Your group has previously published on uniform rather than sex-specific cutoffs for patients with suspected acute myocardial infarction, but in this study, you suggest that sex-specific cutoffs may be preferred for functionally relevant coronary artery disease. Why the difference?
Well, the emergence of high-sensitivity cardiac troponins provided a new diagnostic window. When enabling the measurement of very low circulating cardiac troponin levels, far below the 99 percentile and consistent to prior work, we found in our study that high-sensitivity cardiac troponin I and T levels were higher in men than in women, and this might be due to differences in comorbidities. But studies also suggest that the larger male heart size and thus, the corresponding higher number of cardiomyocytes undergoing apoptosis and renewal is responsible for this observation.
Now, in case of suspected functionally relevant coronary artery disease, the concentrations of interest are often closer to the LOD and sometimes even lower. In other words, they are in the range which is currently defined as healthy. Thus, even slight systematic differences between men and women can have important implications as we have seen in our data. In case of acute myocardial infarction, the concentrations of interest are generally around the 99 percentile. And also, it was shown that women and men with an acute myocardial infarction have actually comparable high-sensitivity cardiac troponin concentrations.
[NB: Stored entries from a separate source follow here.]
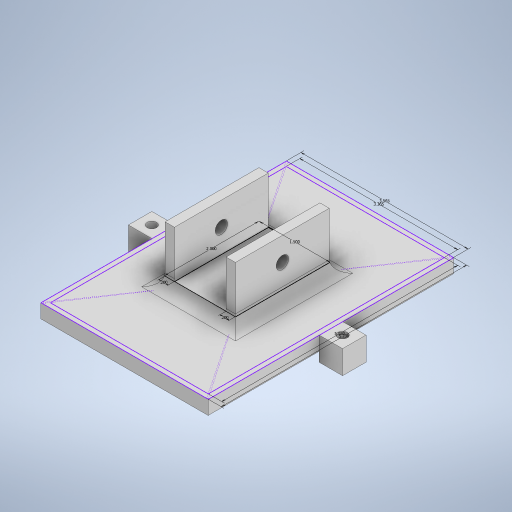
# Autodesk Inventor part: HotplateRetainer for 8020
Saved by Autodesk Inventor 2024.1 (Build 281209000, 209)
## iProperties
Created: 2022-02-14
Part Number: HotplateRetainer for 8020
Material: Generic
Document SubType Name: Modeling
Designer: Beaucage
Density: 1 g/cm^3
Appearance: Default
Author: Beaucage
Autodesk Inventor part; units mm, degrees
ref_plane "YZ Plane" through (0, 0, 0) normal (1, 0, 0) x (0, 1, 0)
ref_plane "XZ Plane" through (0, 0, 0) normal (0, 1, 0) x (-1, 0, 0)
ref_plane "XY Plane" through (0, 0, 0) normal (0, 0, 1) x (1, 0, 0)
sketch "Sketch1" plane through (0, 0, 0) normal (0, 1, 0) x (-1, 0, 0)
  line L0 (0, 0) -> (38.1, 0)
  line L1 (38.1, 0) -> (38.1, -50.8)
  line L2 (38.1, -50.8) -> (0, -50.8)
  line L3 (0, -50.8) -> (0, 0)
  line L4 (38.1, -50.8) -> (33.02, -50.8)
  line L5 (33.02, -50.8) -> (33.02, 0)
  line L6 (33.02, 0) -> (38.1, 0)
  line L7 (38.1, 0) -> (38.1, -50.8)
  line L8 (0, -50.8) -> (5.08, -50.8)
  line L9 (5.08, -50.8) -> (5.08, 0)
  line L10 (5.08, 0) -> (0, 0)
  line L11 (0, 0) -> (0, -50.8)
  dimension "d0" = 38.1
  dimension "d1" = 50.8
  dimension "d2" = 5.08
  dimension "d3" = 5.08
  constraints: 24 end point, 6 parallel, 3 horizontal, 3 perpendicular, 2 point on line
  measures "d0" distance of L1.end L2.end
  measures "d1" distance of L0.end L1.end
  measures "d2" distance of L5.end L6.end
  measures "d3" distance of L10.end L9.end
extrude "Extrusion1" add sketch "Sketch1" along normal blind 25.4 contours L0 L9 L2 L3 | L0 L1 L2 L5
extrude "Extrusion2" add sketch "Sketch1" against normal blind 5.08
sketch "Sketch2" plane through (0, 25.4, 0) normal (1, 0, 0) x (0, 0, -1)
  line L0 (50.8, 0) -> (0, 0) projected
  line L1 (25.4, 0) -> (25.4, -12.7)
  point P0 (0, -25.4)
  dimension "d8" = 12.7
  constraints: 2 end point, 1 midpoint, 1 vertical
  measures "d8" distance of L1.start L1.end
hole "Hole1" at (0, 12.7, -25.4) direction (-1, 0, 0) diameter 6.7564 end through all start extended yes clearance for "Socket Head Cap Screw" size "1/4" standard "Ansi Unified Screw Threads"
sketch "Sketch3" plane through (0, -5.08, 0) normal (0, -1, 0) x (1, 0, 0)
  line L0 (0, 0) -> (-38.1, 0) projected
  line L1 (-38.1, 0) -> (-38.1, -50.8) projected
  line L2 (-38.1, -50.8) -> (0, -50.8) projected
  line L3 (0, -50.8) -> (0, 0) projected
  line L4 (-61.7906, 38.4797) -> (23.6906, 38.4797)
  line L5 (23.6906, 38.4797) -> (23.6906, -89.2797)
  line L6 (23.6906, -89.2797) -> (-61.7906, -89.2797)
  line L7 (-61.7906, -89.2797) -> (-61.7906, 38.4797)
  line L8 (-61.7906, 38.4797) -> (23.6906, -89.2797) construction
  line L9 (23.6906, 38.4797) -> (-61.7906, -89.2797) construction
  line L10 (-63.4909, 41.021) -> (25.3909, 41.021)
  line L11 (25.3909, -91.821) -> (-63.4909, -91.821)
  line L12 (-63.4909, 41.021) -> (25.3909, -91.821) construction
  line L13 (25.3909, 41.021) -> (-63.4909, -91.821) construction
  line L14 (-64.3255, 41.021) -> (26.2255, 41.021)
  line L15 (26.2255, 41.021) -> (26.2255, -91.821)
  line L16 (26.2255, -91.821) -> (-64.3255, -91.821)
  line L17 (-64.3255, -91.821) -> (-64.3255, 41.021)
  line L18 (-64.3255, 41.021) -> (26.2255, -91.821) construction
  line L19 (26.2255, 41.021) -> (-64.3255, -91.821) construction
  point P0 (-19.05, -25.4)
  point P1 (25.3909, 41.021)
  dimension "d16" = 85.4812
  dimension "d17" = 127.7595
  dimension "d18" = 132.842
  dimension "d19" = 90.551
  constraints: 32 end point, 6 midpoint, 5 parallel, 3 horizontal, 2 perpendicular
  measures "d16" distance of L5.end L6.end
  measures "d17" distance of L4.end L5.end
  measures "d18" distance of L10.end L11.start
  measures "d19" distance of L15.end L16.end
extrude "Extrusion3" add sketch "Sketch3" along normal blind 2.54 contours L3 L2 L1 L0 | L4 L5 L6 L7
extrude "Extrusion4" add sketch "Sketch3" along normal blind 7.62 contours L10 L14 L15 L16 L11 L17
fillet "Fillet1" radius 6.35 4 edges at (-38.1, -5.08, -25.4) (-19.05, -5.08, -50.8) (0, -5.08, -25.4) (-19.05, -5.08, 0)
sketch "Sketch4" plane through (0, -5.08, 0) normal (0, 1, 0) x (1, 0, 0)
  line L0 (-51.6255, 19.05) -> (-77.0255, 19.05)
  line L1 (-77.0255, 19.05) -> (-77.0255, 31.75)
  line L2 (-77.0255, 31.75) -> (-51.6255, 31.75)
  line L3 (-51.6255, 31.75) -> (-51.6255, 19.05)
  line L4 (-64.3255, -41.021) -> (-64.3255, 91.821) projected
  line L5 (-51.6255, 19.05) -> (-77.0255, 31.75) construction
  line L6 (-77.0255, 19.05) -> (-51.6255, 31.75) construction
  line L7 (13.5255, 19.05) -> (38.9255, 19.05)
  line L8 (38.9255, 19.05) -> (38.9255, 31.75)
  line L9 (38.9255, 31.75) -> (13.5255, 31.75)
  line L10 (13.5255, 31.75) -> (13.5255, 19.05)
  line L11 (26.2255, 91.821) -> (26.2255, -41.021) projected
  line L12 (13.5255, 19.05) -> (38.9255, 31.75) construction
  line L13 (38.9255, 19.05) -> (13.5255, 31.75) construction
  point P0 (0, 0)
  point P1 (-64.3255, 25.4)
  point P2 (26.2255, 25.4)
  point P3 (26.2255, 31.75)
  point P4 (26.2255, 19.05)
  point P5 (-64.3255, 19.05)
  point P6 (-64.3255, 31.75)
  dimension "d25" = 25.4
  dimension "d26" = 12.7
  dimension "d27" = 25.4
  dimension "d28" = 12.7
  constraints: 24 end point, 6 midpoint, 4 parallel, 2 horizontal, 2 perpendicular
  measures "d25" distance of L1.end L2.end
  measures "d26" distance of L0.end L1.end
  measures "d27" distance of L9.end L8.end
  measures "d28" distance of L8.end L7.end
extrude "Extrusion5" add sketch "Sketch4" against normal blind 12.7 contours L0 L1 L2 L4 | L11 L9 L8 L7
sketch "Sketch5" plane through (0, -17.78, 0) normal (0, -1, 0) x (1, 0, 0)
  line L0 (26.2255, -31.75) -> (38.9255, -31.75) projected
  line L1 (38.9255, -31.75) -> (38.9255, -19.05) projected
  line L2 (38.9255, -19.05) -> (26.2255, -19.05) projected
  line L3 (26.2255, -19.05) -> (26.2255, -31.75) projected
  line L4 (-64.3255, -19.05) -> (-77.0255, -19.05) projected
  line L5 (-77.0255, -19.05) -> (-77.0255, -31.75) projected
  line L6 (-77.0255, -31.75) -> (-64.3255, -31.75) projected
  line L7 (-64.3255, -31.75) -> (-64.3255, -19.05) projected
  point P0 (0, 0)
  point P1 (32.5755, -25.4)
  point P2 (-70.6755, -25.4)
hole "Hole2" at (32.5755, -17.78, -25.4) at (-70.6755, -17.78, -25.4) direction (0, 1, 0) diameter 5.1594 end through all
body "Solid1"

Finally, doctor, let’s look ahead, what’s the next stage of your investigation and what do you see as its potential impact on coronary artery disease?
Yeah. As also noted in the editorial by Dr.s Adamson and Mills, there is a stacking amount of evidence that high- sensitivity cardiac troponins provide important and robust information regarding pathophysiological processes in the cardiovascular system, but the appropriate clinical application of this information needs to be further elucidated.
I think we need to consider that, as I mentioned before, there are already patients with suspected angina and unutilized but available high-sensitivity cardiac troponin concentrations in current clinical practice.
I also think it is important to note that the current risk stratification approach to suspected coronary artery disease is far from perfect. Having the high and increasing prevalence of coronary artery disease in mind, this puts a tremendous strain on any healthcare system aside of potentially putting patients at risk. Any improvement of the current coronary artery disease workup could have really a great impact as such at the Cardiovascular Research Institute in Basel, we believe that blood biomarkers and potentially their combination but also for instance the further improvement of stress ECG evaluation, could have a significant clinical impact. Point of care testing, proteomics, machine learning for ECG analysis are all aspects that we are exploring.
And for short-term, I think the integration of currently employed cardiac biomarkers and well-established anatomical coronary artery disease pretest risk scores, so that the scores can also predict the functional relevance, would provide physicians with a really important insight. In the end, no available piece of information should be discarded unnecessarily, but there needs to be an evidence- basis for the appropriate use.
That was Dr. Joan Elias Walter from the Departments of Internal Medicine and Cardiology at the University Hospital Basel, Switzerland. He has been our guest in this podcast about the latest published research in high sensitivity cardiac troponin assays and coronary artery disease. That article is in the November 2018 issue of Clinical Chemistry. I’m Bob Barrett, thanks for listening.